Called when the user inserts rows (for example from the context menu). Payload shape:

  • position: 'above' or 'below'.
  • referenceRowId: anchor row id when inserting next to a row (from rowId); may be undefined when there is no anchor (for example some programmatic inserts).
  • rowsAmount: how many rows to create in one request.

Your API should create the rows and return a promise. Handsontable refetches the current query after success.

Create, update, and remove requests are serialized: if the user triggers another mutation before the previous one finishes, work runs in order so your backend sees a single stream of operations.

onRowsUpdate

Called with an array of { id, changes, rowData }:

  • id — stable row id (same as rowId).
  • changes — map of property names to new cell values.
  • rowData — optional full row snapshot; Handsontable fills it when applying edits from the grid.

One batch usually corresponds to one user action (typing a cell, paste, autofill, clear column, and similar). Implement your PATCH or PUT logic here, then rely on the refetch that follows a successful mutation.

onRowsRemove

Called with an array of row ids to delete. After success, Handsontable refetches and may move to the previous page if the current page becomes empty.

Programmatic CRUD

From the plugin instance (hot.getPlugin('dataProvider')), you can also call createRows, updateRows, and removeRows with the same shapes as the callbacks above.

Mutation hooks

  • beforeRowsMutation(operation, payload); return false to cancel. For create and remove, the server callback is not invoked and there is no refetch. For update from the grid, false reverts optimistic cell values and skips onRowsUpdate; cell validators run only when the hook allows the mutation to continue.
  • afterRowsMutation — runs after the server mutation callback succeeds and before the post-mutation refetch.
  • afterRowsMutationError — runs when the mutation callback throws or rejects, when validation fails before the request, or when the refetch after a successful update fails.

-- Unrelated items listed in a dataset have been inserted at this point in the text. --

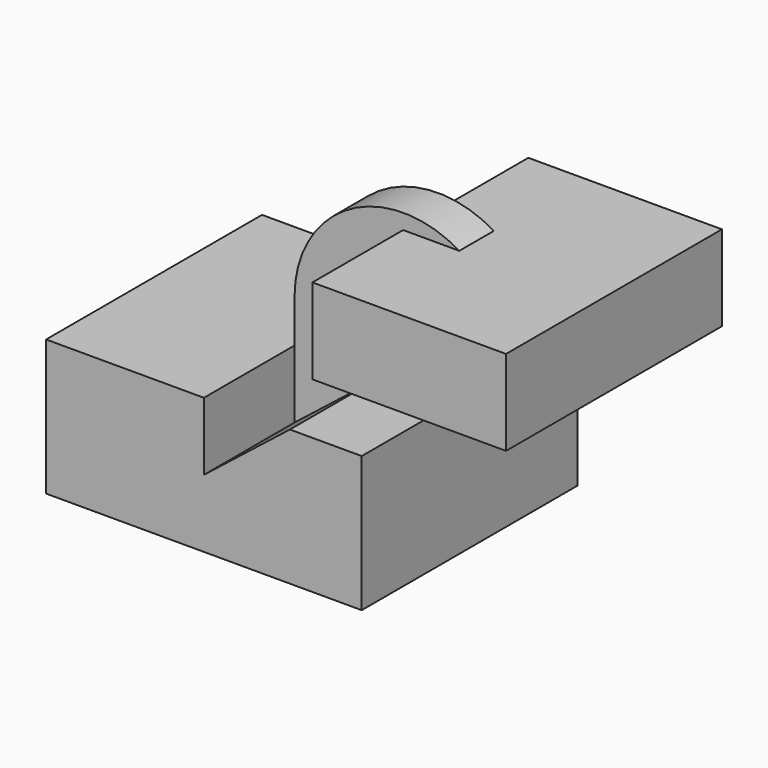
from build123d import *

# Parameters (mm, degrees)
F1_DEPTH = 62.5
F2_DEPTH = 10


with BuildPart() as f1:
    # F0 (on Front) → F1 (new body, symmetric)
    with BuildSketch(Plane.XZ):
        with BuildLine():
            Line((0, 31.4277224243), (-73.1017515063, 31.4277224243))
            Line((-73.1017515063, 31.4277224243), (-73.1017515063, -31.4277224243))
            Line((-73.1017515063, -31.4277224243), (73.1017515063, -31.4277224243))
            Line((73.1017515063, -31.4277224243), (73.1017515063, 31.4277224243))
            Line((73.1017515063, 31.4277224243), (39.8282436226, 31.4277224243))
            add(Edge.make_bspline(
                [(0, 0), (13.2760812075, 10.4759074748), (26.552162415, 20.9518149495), (39.8282436226, 31.4277224243)],
                knots=[0, 0, 0, 0, 50.7345121868, 50.7345121868, 50.7345121868, 50.7345121868], degree=3))
            Line((0, 0), (0, 31.4277224243))
        make_face()
    extrude(amount=F1_DEPTH, both=True)


with BuildPart() as f1b:
    # F0 (on Front) → F1, piece 2 (new body, symmetric)
    with BuildSketch(Plane.XZ):
        with BuildLine():
            add(Edge.make_bspline(
                [(70.0591673961, 55.2823791846), (78.4092683269, 61.8712877179), (86.7593692578, 68.4601962511), (95.1094701886, 75.0491047844)],
                knots=[89.2436461858, 89.2436461858, 89.2436461858, 89.2436461858, 121.1535366735, 121.1535366735, 121.1535366735, 121.1535366735], degree=3))
            Line((70.0591673961, 55.2823791846), (139.946192503, 55.2823791846))
            Line((139.946192503, 55.2823791846), (139.946192503, 94.8158303842))
            Line((139.946192503, 94.8158303842), (76.3028285899, 94.8158303842))
            ThreePointArc((76.3028285899, 94.8158303842), (87.066689677, 86.2269254571), (95.1094701886, 75.0491047844))
        make_face()
        with BuildLine():
            Line((50.2727478743, 55.2823791846), (70.0591673961, 55.2823791846))
            add(Edge.make_bspline(
                [(70.0591673961, 55.2823791846), (78.4092683269, 61.8712877179), (86.7593692578, 68.4601962511), (95.1094701886, 75.0491047844)],
                knots=[89.2436461858, 89.2436461858, 89.2436461858, 89.2436461858, 121.1535366735, 121.1535366735, 121.1535366735, 121.1535366735], degree=3))
            ThreePointArc((95.1094701886, 75.0491047844), (87.066689677, 86.2269254571), (76.3028285899, 94.8158303842))
            Line((76.3028285899, 94.8158303842), (50.2727478743, 94.8158303842))
            Line((50.2727478743, 94.8158303842), (50.2727478743, 55.2823791846))
        make_face()
    extrude(amount=F1_DEPTH, both=True)


with BuildPart() as f2:
    # F0 (on Front) → F2 (new body, symmetric)
    with BuildSketch(Plane.XZ):
        with BuildLine():
            Line((0, 51.4254594788), (0, 31.4277224243))
            Line((0, 31.4277224243), (39.8282436226, 31.4277224243))
            add(Edge.make_bspline(
                [(39.8282436226, 31.4277224243), (49.9052182137, 39.3792746777), (59.9821928049, 47.3308269312), (70.0591673961, 55.2823791846)],
                knots=[50.7345121868, 50.7345121868, 50.7345121868, 50.7345121868, 89.2436461858, 89.2436461858, 89.2436461858, 89.2436461858], degree=3))
            Line((70.0591673961, 55.2823791846), (50.2727478743, 55.2823791846))
            Line((50.2727478743, 55.2823791846), (50.2727478743, 94.8158303842))
            Line((50.2727478743, 94.8158303842), (76.3028285899, 94.8158303842))
            ThreePointArc((76.3028285899, 94.8158303842), (25.5308911631, 95.3140853917), (0, 51.4254594788))
        make_face()
        with BuildLine():
            Line((39.8282436226, 31.4277224243), (0, 31.4277224243))
            Line((0, 31.4277224243), (0, 0))
            add(Edge.make_bspline(
                [(0, 0), (13.2760812075, 10.4759074748), (26.552162415, 20.9518149495), (39.8282436226, 31.4277224243)],
                knots=[0, 0, 0, 0, 50.7345121868, 50.7345121868, 50.7345121868, 50.7345121868], degree=3))
        make_face()
    extrude(amount=F2_DEPTH, both=True)


solid = Compound([f1.part, f1b.part, f2.part])

operation is 'create', 'update', or 'remove'. The hook payload is a wrapper object, not the same reference as the callback argument: 'create' uses { rowsCreate } (same inner shape as onRowsCreate), 'update' uses { rows } (the array passed to onRowsUpdate), and 'remove' uses { rowsRemove } (the id array passed to onRowsRemove).

Undo stack

When onRowsUpdate is set, Handsontable skips stacking certain edit sources on the local undo stack so client undo does not fight server-backed data (including edit, paste, cut, autofill, Clear column from the context menu, and revert after a failed onRowsUpdate). See Undo/Redo for the general model.